What to do ▸
Select the lines below containing the word "ezdxf".

Saved entries ▸
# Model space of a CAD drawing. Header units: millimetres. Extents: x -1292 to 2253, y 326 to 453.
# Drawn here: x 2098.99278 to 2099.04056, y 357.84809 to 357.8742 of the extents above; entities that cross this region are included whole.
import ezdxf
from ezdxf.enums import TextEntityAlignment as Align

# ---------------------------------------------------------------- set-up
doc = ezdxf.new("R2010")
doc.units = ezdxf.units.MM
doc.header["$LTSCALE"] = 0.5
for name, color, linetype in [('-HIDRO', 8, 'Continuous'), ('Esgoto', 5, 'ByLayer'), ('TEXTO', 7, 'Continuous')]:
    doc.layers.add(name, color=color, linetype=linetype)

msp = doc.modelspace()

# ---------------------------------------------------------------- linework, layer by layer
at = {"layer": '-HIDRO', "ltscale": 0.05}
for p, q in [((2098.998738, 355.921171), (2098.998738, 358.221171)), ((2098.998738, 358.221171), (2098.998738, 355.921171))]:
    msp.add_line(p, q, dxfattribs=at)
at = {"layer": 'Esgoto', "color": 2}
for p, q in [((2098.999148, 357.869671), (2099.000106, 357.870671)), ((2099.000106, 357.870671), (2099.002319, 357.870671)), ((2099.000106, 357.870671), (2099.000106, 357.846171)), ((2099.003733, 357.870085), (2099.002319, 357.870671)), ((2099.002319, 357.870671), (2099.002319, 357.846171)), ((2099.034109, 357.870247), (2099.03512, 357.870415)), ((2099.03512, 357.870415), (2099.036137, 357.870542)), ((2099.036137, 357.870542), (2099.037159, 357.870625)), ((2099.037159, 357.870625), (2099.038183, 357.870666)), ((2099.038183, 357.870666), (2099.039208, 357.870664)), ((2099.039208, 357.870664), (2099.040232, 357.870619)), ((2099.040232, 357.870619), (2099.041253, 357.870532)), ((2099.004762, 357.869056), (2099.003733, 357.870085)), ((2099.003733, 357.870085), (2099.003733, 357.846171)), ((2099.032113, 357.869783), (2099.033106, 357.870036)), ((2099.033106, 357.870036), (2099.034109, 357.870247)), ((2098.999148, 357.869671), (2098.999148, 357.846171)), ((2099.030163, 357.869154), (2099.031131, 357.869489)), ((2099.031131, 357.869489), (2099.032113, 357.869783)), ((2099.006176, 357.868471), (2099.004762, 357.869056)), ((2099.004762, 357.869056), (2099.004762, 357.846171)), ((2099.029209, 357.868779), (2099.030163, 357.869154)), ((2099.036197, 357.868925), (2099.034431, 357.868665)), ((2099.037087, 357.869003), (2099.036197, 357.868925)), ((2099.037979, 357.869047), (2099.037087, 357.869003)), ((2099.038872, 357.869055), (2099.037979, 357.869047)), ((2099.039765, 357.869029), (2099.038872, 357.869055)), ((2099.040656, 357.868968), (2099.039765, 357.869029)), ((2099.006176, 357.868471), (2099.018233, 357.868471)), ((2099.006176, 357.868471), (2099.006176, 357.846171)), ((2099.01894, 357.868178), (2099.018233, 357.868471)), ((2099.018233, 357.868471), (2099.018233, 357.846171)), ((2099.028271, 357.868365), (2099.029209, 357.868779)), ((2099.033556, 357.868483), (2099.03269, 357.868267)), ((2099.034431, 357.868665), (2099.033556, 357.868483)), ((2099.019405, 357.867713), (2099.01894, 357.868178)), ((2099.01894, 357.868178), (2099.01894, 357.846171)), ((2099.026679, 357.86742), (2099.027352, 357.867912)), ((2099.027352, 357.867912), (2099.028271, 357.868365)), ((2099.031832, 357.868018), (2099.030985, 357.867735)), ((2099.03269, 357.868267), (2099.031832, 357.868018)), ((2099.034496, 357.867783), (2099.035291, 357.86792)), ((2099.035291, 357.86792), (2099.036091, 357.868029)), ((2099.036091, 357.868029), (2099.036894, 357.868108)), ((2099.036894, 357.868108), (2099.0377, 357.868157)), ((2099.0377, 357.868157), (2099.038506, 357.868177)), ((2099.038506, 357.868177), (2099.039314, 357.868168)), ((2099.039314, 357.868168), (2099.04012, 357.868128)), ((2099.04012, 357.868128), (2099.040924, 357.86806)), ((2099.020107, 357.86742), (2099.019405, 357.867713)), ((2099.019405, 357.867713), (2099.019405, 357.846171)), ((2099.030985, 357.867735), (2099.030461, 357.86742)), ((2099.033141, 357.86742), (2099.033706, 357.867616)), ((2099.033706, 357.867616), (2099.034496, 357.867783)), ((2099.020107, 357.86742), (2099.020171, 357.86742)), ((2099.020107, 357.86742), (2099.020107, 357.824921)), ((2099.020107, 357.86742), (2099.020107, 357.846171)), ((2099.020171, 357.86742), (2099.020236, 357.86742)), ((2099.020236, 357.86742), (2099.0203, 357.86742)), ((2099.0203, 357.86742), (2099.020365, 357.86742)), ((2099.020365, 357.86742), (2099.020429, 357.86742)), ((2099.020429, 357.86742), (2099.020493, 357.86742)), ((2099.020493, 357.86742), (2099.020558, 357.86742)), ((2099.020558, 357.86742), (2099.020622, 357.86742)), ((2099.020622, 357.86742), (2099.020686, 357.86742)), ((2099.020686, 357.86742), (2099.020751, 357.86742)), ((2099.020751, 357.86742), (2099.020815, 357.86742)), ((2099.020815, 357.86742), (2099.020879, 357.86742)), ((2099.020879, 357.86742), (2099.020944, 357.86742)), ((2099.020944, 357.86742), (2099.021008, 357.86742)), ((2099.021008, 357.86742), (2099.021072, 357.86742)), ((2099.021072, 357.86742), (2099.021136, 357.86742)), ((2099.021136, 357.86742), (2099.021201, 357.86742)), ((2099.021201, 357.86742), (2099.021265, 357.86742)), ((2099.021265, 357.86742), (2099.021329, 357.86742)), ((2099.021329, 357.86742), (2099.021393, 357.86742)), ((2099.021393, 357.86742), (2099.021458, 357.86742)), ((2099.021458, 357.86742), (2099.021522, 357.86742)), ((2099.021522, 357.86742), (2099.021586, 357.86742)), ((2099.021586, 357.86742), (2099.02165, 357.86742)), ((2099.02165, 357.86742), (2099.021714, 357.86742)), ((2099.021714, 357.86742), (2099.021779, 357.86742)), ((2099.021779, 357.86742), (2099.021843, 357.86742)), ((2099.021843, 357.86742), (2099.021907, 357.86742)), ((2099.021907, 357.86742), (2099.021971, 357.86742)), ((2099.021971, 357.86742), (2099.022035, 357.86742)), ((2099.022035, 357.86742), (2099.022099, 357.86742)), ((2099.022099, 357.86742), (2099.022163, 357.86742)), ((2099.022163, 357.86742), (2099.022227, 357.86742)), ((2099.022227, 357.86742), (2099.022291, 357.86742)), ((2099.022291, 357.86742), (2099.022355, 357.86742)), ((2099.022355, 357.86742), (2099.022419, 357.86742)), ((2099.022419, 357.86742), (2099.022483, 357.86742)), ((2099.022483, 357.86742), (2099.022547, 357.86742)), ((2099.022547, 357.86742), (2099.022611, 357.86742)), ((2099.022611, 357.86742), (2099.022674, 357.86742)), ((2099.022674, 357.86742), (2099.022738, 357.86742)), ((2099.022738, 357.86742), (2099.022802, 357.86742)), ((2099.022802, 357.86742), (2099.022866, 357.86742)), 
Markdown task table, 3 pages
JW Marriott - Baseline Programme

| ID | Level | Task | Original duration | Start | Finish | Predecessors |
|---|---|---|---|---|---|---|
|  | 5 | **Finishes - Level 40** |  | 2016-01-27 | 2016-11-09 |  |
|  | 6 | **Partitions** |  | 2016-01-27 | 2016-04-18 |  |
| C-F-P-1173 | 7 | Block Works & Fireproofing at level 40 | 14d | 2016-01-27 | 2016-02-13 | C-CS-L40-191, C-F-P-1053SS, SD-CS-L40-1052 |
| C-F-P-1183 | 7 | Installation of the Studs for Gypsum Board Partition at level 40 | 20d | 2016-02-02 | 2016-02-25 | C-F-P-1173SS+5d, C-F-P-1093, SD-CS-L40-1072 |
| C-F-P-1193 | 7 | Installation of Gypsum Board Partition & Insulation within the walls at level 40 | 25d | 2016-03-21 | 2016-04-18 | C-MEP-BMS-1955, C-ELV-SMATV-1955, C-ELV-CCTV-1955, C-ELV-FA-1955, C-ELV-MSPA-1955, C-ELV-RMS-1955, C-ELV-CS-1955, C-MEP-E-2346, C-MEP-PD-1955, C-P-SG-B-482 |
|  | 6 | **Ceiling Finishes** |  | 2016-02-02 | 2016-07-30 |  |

Problem solution ▸
import ezdxf
from ezdxf.enums import TextEntityAlignment as Align
doc = ezdxf.new("R2010")
doc.units = ezdxf.units.MM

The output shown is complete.